◆ **What to do**: Scan the entries for lines with the word "extrude" and copy those lines.

◆ **Material for this task**:
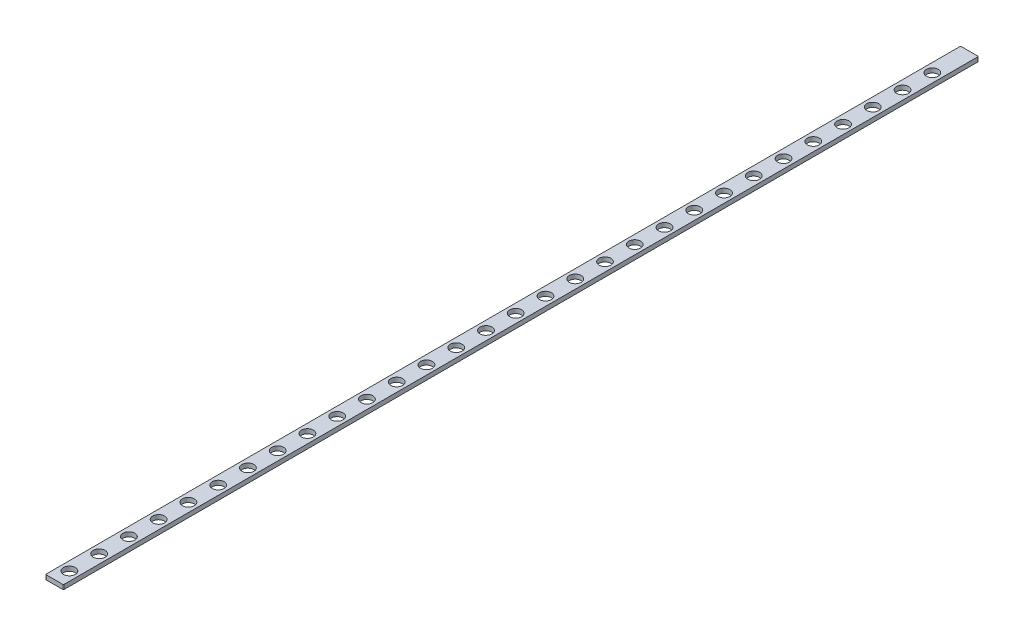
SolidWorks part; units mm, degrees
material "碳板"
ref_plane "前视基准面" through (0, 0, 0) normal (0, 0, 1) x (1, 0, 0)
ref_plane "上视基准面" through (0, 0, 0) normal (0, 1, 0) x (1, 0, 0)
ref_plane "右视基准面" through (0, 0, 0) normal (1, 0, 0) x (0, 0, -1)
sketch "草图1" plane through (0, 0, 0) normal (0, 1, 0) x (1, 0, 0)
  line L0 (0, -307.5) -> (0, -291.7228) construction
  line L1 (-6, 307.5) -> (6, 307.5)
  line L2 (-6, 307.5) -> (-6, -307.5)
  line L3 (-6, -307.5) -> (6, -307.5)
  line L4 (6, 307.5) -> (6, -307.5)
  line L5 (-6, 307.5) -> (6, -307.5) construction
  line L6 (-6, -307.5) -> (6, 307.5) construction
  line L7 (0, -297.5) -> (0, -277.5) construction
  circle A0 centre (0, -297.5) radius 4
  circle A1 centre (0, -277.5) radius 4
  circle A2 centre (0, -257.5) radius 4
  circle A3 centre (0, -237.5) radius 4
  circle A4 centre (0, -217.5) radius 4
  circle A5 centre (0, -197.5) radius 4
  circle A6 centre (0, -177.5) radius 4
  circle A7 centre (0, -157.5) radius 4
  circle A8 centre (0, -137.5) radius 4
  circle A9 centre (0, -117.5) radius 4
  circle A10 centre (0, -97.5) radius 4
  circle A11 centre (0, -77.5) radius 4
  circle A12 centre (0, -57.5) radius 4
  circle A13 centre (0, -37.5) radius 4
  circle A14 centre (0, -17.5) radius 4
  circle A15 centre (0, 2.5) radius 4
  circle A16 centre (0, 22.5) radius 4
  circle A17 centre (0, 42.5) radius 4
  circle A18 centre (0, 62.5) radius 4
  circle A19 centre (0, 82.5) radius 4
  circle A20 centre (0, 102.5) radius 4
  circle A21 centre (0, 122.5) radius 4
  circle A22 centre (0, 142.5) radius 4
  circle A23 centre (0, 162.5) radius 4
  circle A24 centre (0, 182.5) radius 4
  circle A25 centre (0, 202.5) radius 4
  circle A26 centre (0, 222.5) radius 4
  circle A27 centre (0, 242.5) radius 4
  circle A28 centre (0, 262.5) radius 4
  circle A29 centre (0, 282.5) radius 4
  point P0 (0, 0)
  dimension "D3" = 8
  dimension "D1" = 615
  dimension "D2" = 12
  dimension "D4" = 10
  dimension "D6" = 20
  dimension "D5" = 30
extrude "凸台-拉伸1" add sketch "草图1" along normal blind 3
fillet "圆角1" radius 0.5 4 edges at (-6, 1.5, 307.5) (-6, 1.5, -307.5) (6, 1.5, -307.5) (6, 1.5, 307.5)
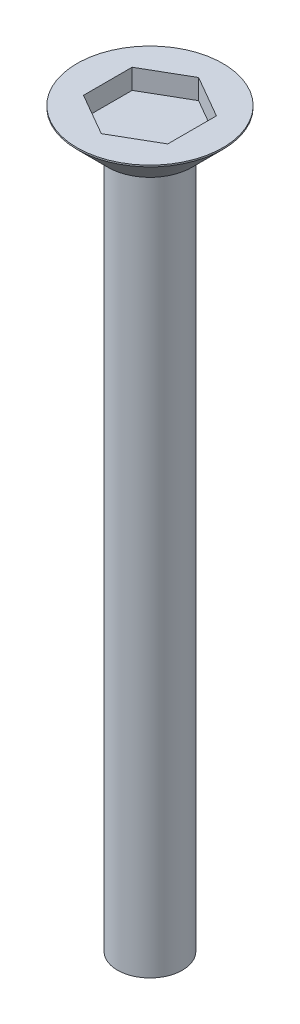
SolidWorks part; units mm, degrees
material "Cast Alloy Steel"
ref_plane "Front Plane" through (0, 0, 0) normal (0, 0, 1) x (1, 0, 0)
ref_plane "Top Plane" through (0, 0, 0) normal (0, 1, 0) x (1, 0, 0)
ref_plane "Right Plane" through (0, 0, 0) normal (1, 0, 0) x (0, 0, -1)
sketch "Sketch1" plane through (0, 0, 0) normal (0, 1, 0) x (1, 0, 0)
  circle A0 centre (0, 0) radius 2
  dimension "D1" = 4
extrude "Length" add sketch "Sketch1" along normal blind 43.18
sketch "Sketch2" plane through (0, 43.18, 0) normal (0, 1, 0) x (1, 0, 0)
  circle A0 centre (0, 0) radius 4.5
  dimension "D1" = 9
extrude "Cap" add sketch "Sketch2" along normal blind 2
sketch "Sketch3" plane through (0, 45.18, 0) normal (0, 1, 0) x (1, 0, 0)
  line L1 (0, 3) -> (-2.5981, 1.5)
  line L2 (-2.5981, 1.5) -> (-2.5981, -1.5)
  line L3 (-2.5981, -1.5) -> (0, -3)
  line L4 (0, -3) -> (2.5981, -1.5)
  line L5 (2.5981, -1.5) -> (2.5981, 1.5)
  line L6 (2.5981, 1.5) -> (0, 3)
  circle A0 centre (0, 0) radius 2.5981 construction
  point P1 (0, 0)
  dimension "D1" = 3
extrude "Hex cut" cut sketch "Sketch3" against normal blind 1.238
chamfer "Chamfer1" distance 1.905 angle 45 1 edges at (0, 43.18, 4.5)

◆ **Result**:
extrude "凸台-拉伸1" add sketch "草图1" along normal blind 3
extrude "Length" add sketch "Sketch1" along normal blind 43.18
extrude "Cap" add sketch "Sketch2" along normal blind 2
extrude "Hex cut" cut sketch "Sketch3" against normal blind 1.238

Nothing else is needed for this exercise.